Maybe she wouldn’t have to die.

When she hit the water, there would be a moment of panic when the water flowed into the car, filling it, weighing it beneath the surface, but then the mermaids would come.  They would swarm around the car like large breasted dolphins, and blow on conch shells that would rend the metal of her car apart.  Then they would place a different shell over her face, allowing her to breathe, and invite her to become a mermaid, tell her that she’d always secretly been one, but now she could become one for real, forever.

“The fuck you doing, dumb slut?”

Beddy is startled by the voice.  She looks over to her left to the beige BMW next to her.  A boy is standing with his driver side door open, glaring over his roof at her.

“Duh, your door’s against my fucking car?”

She looks at her door, which is very much against his car.

“Shut your door, so I can leave,” he says, gesturing vaguely where he could leave to with his thumb.  “I’m not getting in till you shut it, ‘cause then my paint job’s going to get fucked.  I’ve seen it happen.  She’s got a fresh wax.”

“Sorry,” she says, and draws her door away from his car gingerly, then closes it.  She waits for him to back out of his space and leave, and then she starts her engine, puts on her seatbelt.

She backs out and drives out of the parking lot, trying not to drive over the officer’s feet since he’s left so little room for her to pass.  Taking one final look at The Grove, she turns right and drives up the pier back to shore.

“’Sorry,”” she mimics herself.  “’Sooorry,’” she says, this time with more whine.

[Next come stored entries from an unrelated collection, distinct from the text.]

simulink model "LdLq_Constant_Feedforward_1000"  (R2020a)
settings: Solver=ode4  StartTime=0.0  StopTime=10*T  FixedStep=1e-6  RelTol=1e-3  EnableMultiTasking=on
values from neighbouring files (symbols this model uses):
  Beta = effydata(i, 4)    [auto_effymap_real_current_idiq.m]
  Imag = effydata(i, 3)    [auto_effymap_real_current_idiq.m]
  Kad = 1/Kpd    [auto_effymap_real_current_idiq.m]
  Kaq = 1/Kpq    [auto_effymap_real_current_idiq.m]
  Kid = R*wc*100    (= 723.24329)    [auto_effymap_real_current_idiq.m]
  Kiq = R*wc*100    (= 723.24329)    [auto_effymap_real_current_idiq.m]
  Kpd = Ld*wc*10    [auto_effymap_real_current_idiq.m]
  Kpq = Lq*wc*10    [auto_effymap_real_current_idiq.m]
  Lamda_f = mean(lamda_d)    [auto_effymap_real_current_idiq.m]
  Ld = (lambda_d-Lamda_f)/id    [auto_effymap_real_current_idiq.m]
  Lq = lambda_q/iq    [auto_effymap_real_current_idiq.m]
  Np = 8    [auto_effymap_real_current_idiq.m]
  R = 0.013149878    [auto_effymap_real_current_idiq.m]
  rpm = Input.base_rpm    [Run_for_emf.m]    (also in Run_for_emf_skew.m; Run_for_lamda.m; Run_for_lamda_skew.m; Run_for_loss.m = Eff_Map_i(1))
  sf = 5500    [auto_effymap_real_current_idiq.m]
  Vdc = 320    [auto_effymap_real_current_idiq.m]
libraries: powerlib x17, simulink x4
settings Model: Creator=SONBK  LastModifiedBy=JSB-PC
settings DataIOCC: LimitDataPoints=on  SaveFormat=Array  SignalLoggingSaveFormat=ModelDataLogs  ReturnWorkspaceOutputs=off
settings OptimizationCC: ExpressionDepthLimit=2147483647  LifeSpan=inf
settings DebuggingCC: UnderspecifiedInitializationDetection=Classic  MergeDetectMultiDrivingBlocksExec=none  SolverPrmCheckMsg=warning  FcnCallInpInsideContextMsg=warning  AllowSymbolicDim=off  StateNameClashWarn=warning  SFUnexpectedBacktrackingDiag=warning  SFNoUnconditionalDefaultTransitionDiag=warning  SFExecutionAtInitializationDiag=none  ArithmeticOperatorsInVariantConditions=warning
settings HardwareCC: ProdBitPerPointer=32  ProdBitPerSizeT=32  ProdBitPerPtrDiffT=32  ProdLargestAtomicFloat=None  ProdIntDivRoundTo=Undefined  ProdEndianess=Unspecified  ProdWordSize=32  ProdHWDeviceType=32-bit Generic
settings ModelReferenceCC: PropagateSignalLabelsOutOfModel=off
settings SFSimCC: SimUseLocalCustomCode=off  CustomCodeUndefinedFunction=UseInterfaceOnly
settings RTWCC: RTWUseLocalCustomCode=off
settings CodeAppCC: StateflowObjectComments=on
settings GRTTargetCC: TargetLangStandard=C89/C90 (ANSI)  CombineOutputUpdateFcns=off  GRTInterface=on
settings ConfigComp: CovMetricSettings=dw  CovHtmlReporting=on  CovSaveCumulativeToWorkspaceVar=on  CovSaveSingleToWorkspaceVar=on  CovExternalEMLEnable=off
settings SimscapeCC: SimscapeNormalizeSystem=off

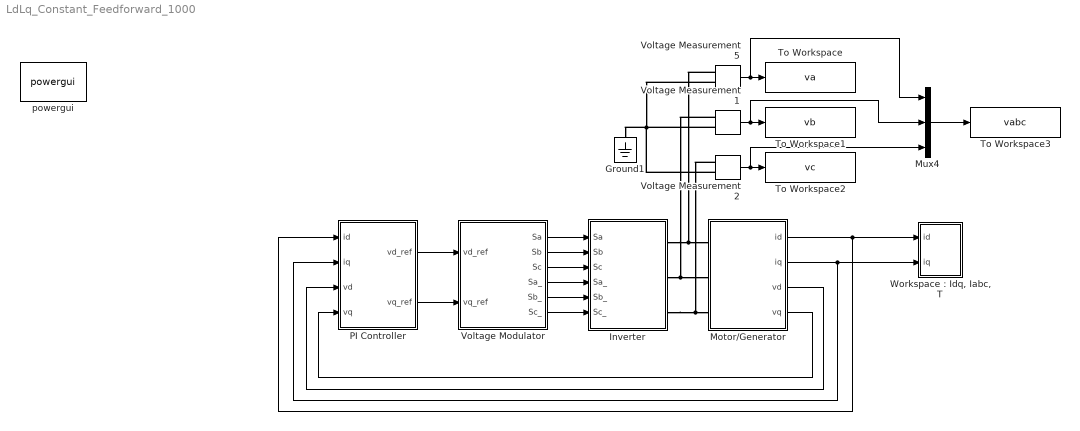
== system LdLq_Constant_Feedforward_1000 ==
  Ground1 : powerlib/Elements/Ground  LConnTagsString=a
  Inverter : Subsystem
  Motor/Generator : Subsystem
  Mux4 : Mux  Inputs=3
  PI Controller : Subsystem
  To Workspace : ToWorkspace  VariableName=va  SampleTime=-1
  To Workspace1 : ToWorkspace  VariableName=vb  SampleTime=-1
  To Workspace2 : ToWorkspace  VariableName=vc  SampleTime=-1
  To Workspace3 : ToWorkspace  VariableName=vabc  SampleTime=-1
  Voltage Measurement1 : powerlib/Measurements/Voltage Measurement  PhasorSimulation=off  OutputType=Complex  PSBequivalent=0
  Voltage Measurement2 : powerlib/Measurements/Voltage Measurement  PhasorSimulation=off  OutputType=Complex  PSBequivalent=0
  Voltage Measurement5 : powerlib/Measurements/Voltage Measurement  PhasorSimulation=off  OutputType=Complex  PSBequivalent=0
  Voltage Modulator : Subsystem
  "Workspace : Idq, Iabc, T" : Subsystem
  powergui : powerlib/powergui  Priority=1  SimulationMode=Continuous  SampleTime=50e-6  frequency=60  Iterations=50  frequencyindice=0  Pbase=100e6  ErrMax=1e-4  UnitsV=kV  UnitsW=MW  buscounter=0  FunctionMessages=off  echomessages=off  EnableUseOfTLC=off  CurrentSourceSwitches=off  DisableSnubberDevices=off  DisableRonSwitches=off  DisableVfSwitches=off  DisplayEquations=off  AutomaticDiscreteSolvers=off  SolverType=Tustin/Backward Euler (TBE)  Interpol=off  ExternalGateDelay=off  methode=off  Ts=10  x0status=blocks  SPID=on  SwTol=0  HookPort=off  NonlinearTolerance=1e-4  nMaxIteration=100  ContinueOnMaxIteration=off  RestoreLinks=warning  ResistiveCurrentMeasurement=off  Frange=[0:2:500]  Ylog=off  Xlog=on  ShowGrid=off  save=off  variable=ZData  structure=0  ZoomFFT=off  StartTime=0.0  cycles=1  DisplayStyle=1  fundamental=60  FreqAxis=off  MaxFrequency=1000  frequencyindicesteady=1  RmsSteady=1  display=off
  wires:
  Voltage Modulator/1(Sa) -> Inverter/1(Sa)
  Voltage Modulator/2(Sb) -> Inverter/2(Sb)
  Voltage Modulator/3(Sc) -> Inverter/3(Sc)
  Voltage Modulator/4(Sa_) -> Inverter/4(Sa_)
  Voltage Modulator/5(Sb_) -> Inverter/5(Sb_)
  Voltage Modulator/6(Sc_) -> Inverter/6(Sc_)
  Motor/Generator/2(iq) -> PI Controller/2(iq), "Workspace : Idq, Iabc, T"/2(iq)
  Motor/Generator/1(id) -> "Workspace : Idq, Iabc, T"/1(id), PI Controller/1(id)
  Motor/Generator/3(vd) -> PI Controller/3(vd)
  Motor/Generator/4(vq) -> PI Controller/4(vq)
  PI Controller/1(vd_ref) -> Voltage Modulator/1(vd_ref)
  PI Controller/2(vq_ref) -> Voltage Modulator/2(vq_ref)
  Voltage Measurement5/1 -> Mux4/1, To Workspace/1
  Voltage Measurement1/1 -> Mux4/2, To Workspace1/1
  Voltage Measurement2/1 -> Mux4/3, To Workspace2/1
  Mux4/1 -> To Workspace3/1
  connections:
  Inverter/RConn1 -- Voltage Measurement5/LConn1 -- Motor/Generator/LConn1
  Inverter/RConn2 -- Voltage Measurement1/LConn1 -- Motor/Generator/LConn2
  Inverter/RConn3 -- Voltage Measurement2/LConn1 -- Motor/Generator/LConn3
  Voltage Measurement1/LConn2 -- Ground1/LConn1 -- Voltage Measurement5/LConn2 -- Voltage Measurement2/LConn2

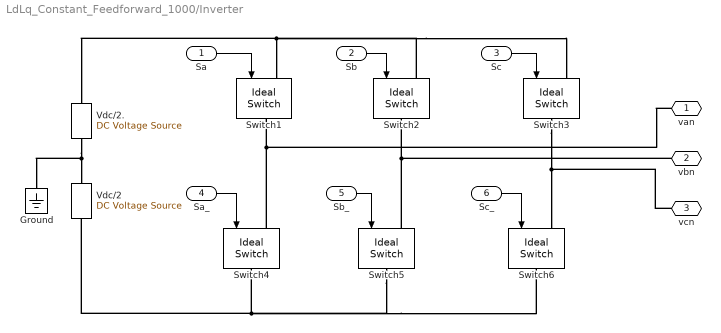
== system LdLq_Constant_Feedforward_1000/Inverter ==
  Sa : Inport
  Sb : Inport  Port=2
  Sc : Inport  Port=3
  Sa_ : Inport  Port=4
  Sb_ : Inport  Port=5
  Sc_ : Inport  Port=6
  Ground : powerlib/Elements/Ground  LConnTagsString=a
  Switch{1..6} (6 alike) : powerlib/Power Electronics/Ideal Switch  Ron=0.001  Lon=0  IC=0  Rs=1e5  Cs=inf  Measurements=off
      settings: AttributesFormatString=\n
  Vdc/2 : powerlib/Electrical Sources/DC Voltage Source  Amplitude=Vdc/2  Measurements=None
  Vdc/2. : powerlib/Electrical Sources/DC Voltage Source  Amplitude=Vdc/2  Measurements=None
  van : PMIOPort  Side=Right
  vbn : PMIOPort  Port=2  Side=Right
  vcn : PMIOPort  Port=3  Side=Right
  wires:
  Sb/1 -> Switch2/1
  Sc/1 -> Switch3/1
  Sa/1 -> Switch1/1
  Sb_/1 -> Switch5/1
  Sa_/1 -> Switch4/1
  Sc_/1 -> Switch6/1
  connections:
  Switch3/LConn1 -- Switch2/LConn1 -- Vdc/2./RConn1 -- Switch1/LConn1
  Switch3/RConn1 -- Switch6/LConn1 -- vcn/RConn1
  Switch6/RConn1 -- Switch5/RConn1 -- Switch4/RConn1 -- Vdc/2/LConn1
  Vdc/2./LConn1 -- Vdc/2/RConn1 -- Ground/LConn1
  Switch5/LConn1 -- Switch2/RConn1 -- vbn/RConn1
  Switch4/LConn1 -- van/RConn1 -- Switch1/RConn1

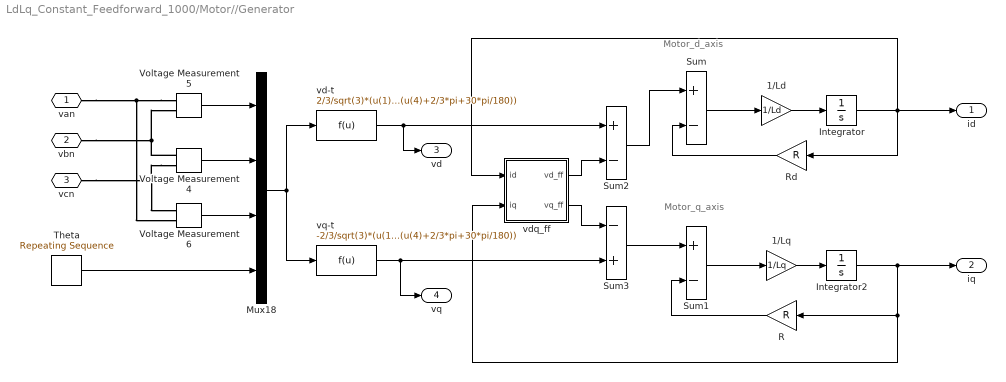
== system LdLq_Constant_Feedforward_1000/Motor//Generator ==
  note: Motor_q_axis
  note: Motor_d_axis
  1/Ld : Gain  Gain=1/Ld
  1/Lq : Gain  Gain=1/Lq
  Integrator : Integrator
  Integrator2 : Integrator
  Mux18 : Mux
  R : Gain  Gain=R
  Rd : Gain  Gain=R
  Sum : Sum  Inputs=+-
  Sum1 : Sum  Inputs=+-
  Sum2 : Sum  Inputs=+-
  Sum3 : Sum  Inputs=-+
  Theta : simulink/Sources/Repeating Sequence  rep_seq_t=[0 1/(rpm/60*Np/2)]  rep_seq_y=[0 2*pi()]
  Voltage Measurement4 : powerlib/Measurements/Voltage Measurement  PhasorSimulation=off  OutputType=Complex  PSBequivalent=0
  Voltage Measurement5 : powerlib/Measurements/Voltage Measurement  PhasorSimulation=off  OutputType=Complex  PSBequivalent=0
  Voltage Measurement6 : powerlib/Measurements/Voltage Measurement  PhasorSimulation=off  OutputType=Complex  PSBequivalent=0
  vd-t : Fcn  Expr=2/3/sqrt(3)*(u(1)*cos(u(4)+30*pi/180)+u(2)*cos(u(4)-2/3*pi+30*pi/180)+u(3)*cos(u(4)+2/3*pi+30*pi/180))
  vdq_ff : Subsystem
  vq-t : Fcn  Expr=-2/3/sqrt(3)*(u(1)*sin(u(4)+30*pi/180)+u(2)*sin(u(4)-2/3*pi+30*pi/180)+u(3)*sin(u(4)+2/3*pi+30*pi/180))
  van : PMIOPort  Side=Left
  vbn : PMIOPort  Port=2  Side=Left
  vcn : PMIOPort  Port=3  Side=Left
  id : Outport
  iq : Outport  Port=2
  vd : Outport  Port=3
  vq : Outport  Port=4
  wires:
  Voltage Measurement4/1 -> Mux18/2
  Voltage Measurement5/1 -> Mux18/1
  Mux18/1 -> vq-t/1, vd-t/1
  Voltage Measurement6/1 -> Mux18/3
  Theta/1 -> Mux18/4
  vd-t/1 -> Sum2/1, vd/1
  Rd/1 -> Sum/2
  Integrator2/1 -> vdq_ff/2(iq), R/1, iq/1
  1/Ld/1 -> Integrator/1
  Sum/1 -> 1/Ld/1
  Integrator/1 -> vdq_ff/1(id), id/1, Rd/1
  Sum1/1 -> 1/Lq/1
  vq-t/1 -> Sum3/2, vq/1
  R/1 -> Sum1/2
  1/Lq/1 -> Integrator2/1
  Sum2/1 -> Sum/1
  Sum3/1 -> Sum1/1
  vdq_ff/1(vd_ff) -> Sum2/2
  vdq_ff/2(vq_ff) -> Sum3/1
  connections:
  Voltage Measurement4/LConn2 -- vcn/RConn1 -- Voltage Measurement6/LConn1
  Voltage Measurement5/LConn1 -- van/RConn1 -- Voltage Measurement6/LConn2
  Voltage Measurement4/LConn1 -- vbn/RConn1 -- Voltage Measurement5/LConn2

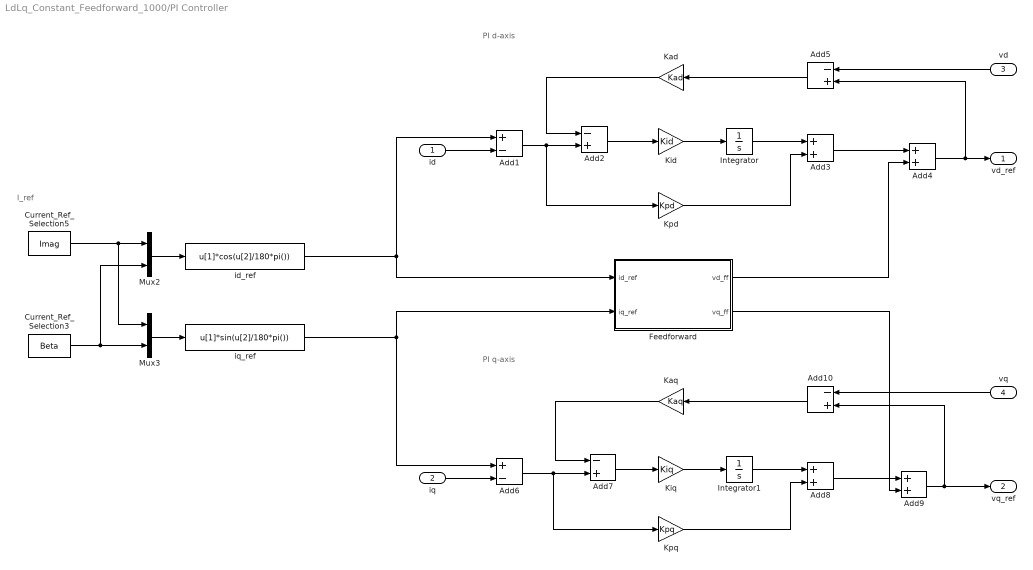
== system LdLq_Constant_Feedforward_1000/PI Controller ==
  note: I_ref
  note: PI q-axis
  note: PI d-axis
  id : Inport
  iq : Inport  Port=2
  vd : Inport  Port=3
  vq : Inport  Port=4
  Add1 : Sum  Inputs=+-
  Add{2,5,7,10} (4 alike) : Sum  Inputs=-+
  Add{3..4,8..9} (4 alike) : Sum
  Add6 : Sum  Inputs=+-
  Current_Ref_Selection3 : Constant  DisableCoverage=on  Value=Beta
  Current_Ref_Selection5 : Constant  Description=Ipk  DisableCoverage=on  Value=Imag
  Feedforward : Subsystem
  Integrator : Integrator
  Integrator1 : Integrator
  Kad : Gain  Gain=Kad
  Kaq : Gain  Gain=Kaq
  Kid : Gain  Gain=Kid
  Kiq : Gain  Gain=Kiq
  Kpd : Gain  Gain=Kpd
  Kpq : Gain  Gain=Kpq
  Mux2 : Mux  Inputs=2
  Mux3 : Mux  Inputs=2
  id_ref : Fcn  Expr=u[1]*cos(u[2]/180*pi())
  iq_ref : Fcn  Expr=u[1]*sin(u[2]/180*pi())
  vd_ref : Outport
  vq_ref : Outport  Port=2
  wires:
  Add9/1 -> Add10/2, vq_ref/1
  Add4/1 -> Add5/2, vd_ref/1
  vq/1 -> Add10/1
  vd/1 -> Add5/1
  Add10/1 -> Kaq/1
  Kaq/1 -> Add7/1
  Add7/1 -> Kiq/1
  Kad/1 -> Add2/1
  Add1/1 -> Kpd/1, Add2/2
  Add2/1 -> Kid/1
  Add5/1 -> Kad/1
  iq_ref/1 -> Add6/1, Feedforward/2(iq_ref)
  Kiq/1 -> Integrator1/1
  Kpq/1 -> Add8/2
  Integrator1/1 -> Add8/1
  Add6/1 -> Add7/2, Kpq/1
  id_ref/1 -> Feedforward/1(id_ref), Add1/1
  Add3/1 -> Add4/1
  Kid/1 -> Integrator/1
  Kpd/1 -> Add3/2
  Integrator/1 -> Add3/1
  Current_Ref_Selection5/1 -> Mux2/1, Mux3/1
  Current_Ref_Selection3/1 -> Mux3/2, Mux2/2
  Mux3/1 -> iq_ref/1
  Mux2/1 -> id_ref/1
  iq/1 -> Add6/2
  id/1 -> Add1/2
  Add8/1 -> Add9/1
  Feedforward/2(vq_ff) -> Add9/2
  Feedforward/1(vd_ff) -> Add4/2

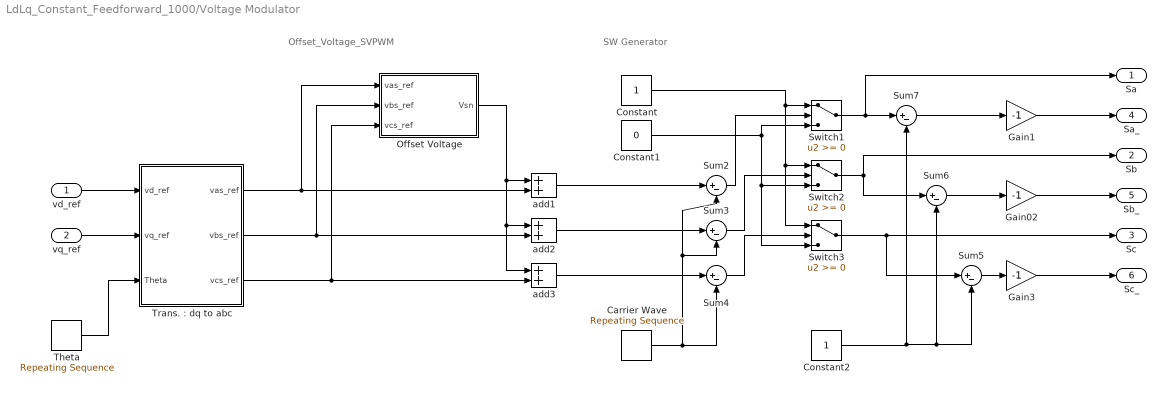
== system LdLq_Constant_Feedforward_1000/Voltage Modulator ==
  note: SW Generator
  note: Offset_Voltage_SVPWM
  vd_ref : Inport
  vq_ref : Inport  Port=2
  Carrier Wave : simulink/Sources/Repeating Sequence  rep_seq_t=[0 0.5/sf 1/sf]  rep_seq_y=[-Vdc/2 Vdc/2 -Vdc/2]
  Constant : Constant
  Constant1 : Constant  Value=0
  Constant2 : Constant
  Gain02 : Gain  Gain=-1  SaturateOnIntegerOverflow=on  OutDataTypeStr=Inherit: Same as input  ParamDataTypeStr=Inherit: Same as input
  Gain1 : Gain  Gain=-1  SaturateOnIntegerOverflow=on  OutDataTypeStr=Inherit: Same as input  ParamDataTypeStr=Inherit: Same as input
  Gain3 : Gain  Gain=-1  SaturateOnIntegerOverflow=on  OutDataTypeStr=Inherit: Same as input  ParamDataTypeStr=Inherit: Same as input
  Offset Voltage : Subsystem
  Sum{2..7} (6 alike) : Sum  Inputs=|+-  SaturateOnIntegerOverflow=on
  Switch1 : Switch  SaturateOnIntegerOverflow=on
  Switch2 : Switch  SaturateOnIntegerOverflow=on
  Switch3 : Switch  SaturateOnIntegerOverflow=on
  Theta : simulink/Sources/Repeating Sequence  rep_seq_t=[0 1/(rpm/60*Np/2)]  rep_seq_y=[0 2*pi()]
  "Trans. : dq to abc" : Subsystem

She is tired of the word.  Of its implication of responsibility.  Its transference of guilt.  She learned early and she learned deeply that her world has no patience for people who feel the way she feels.  It wants to be as fast and rough and thoughtless as it wants.  It cannot be taught otherwise, or halted.  Not in the name of Progress.  To its credit it tries for civility, but makes the fatal mistake of holding it above fairness.  So she has had to smile tightly as the gratuitous cretins of her world have bent her over the sawhorse, even accept it with generosity, though the pain congealed into jawbreakers in her throat.  Apologize when she whimpered too loudly.

“Sooooorrrrrrrryyyyy,” she says, now sounding like those same cretins.

She winces when she thinks of all the times she said she was sorry and didn’t mean it.  When she had to apologize to kids that teased her and made her wish she were dead.  In those situations, she had lost her temper, had escalated a situation her bullies had started.  Usually, her temper would be the only punishable offense.  Her feelings were her responsibility, the adults would say, and so were her reactions.  But if the teacher or authority figure were generous, they’d make the bully apologize.  This was delivered with various insincerity signifiers: eyes rolling or on their lap, spoken into forearms or cupped palms, feet twitching or kicking or kick-drumming.  It always sounded one of two ways: drawn out and sing-song, or flat and muffled.  And there was nothing worse than hearing her hateful apology, made only to hear the bully’s, parroted back to her.

The difference between her and the Wades of the world is that she knows apologizing is the right thing to do.  What would it take for her to do the wrong thing on purpose?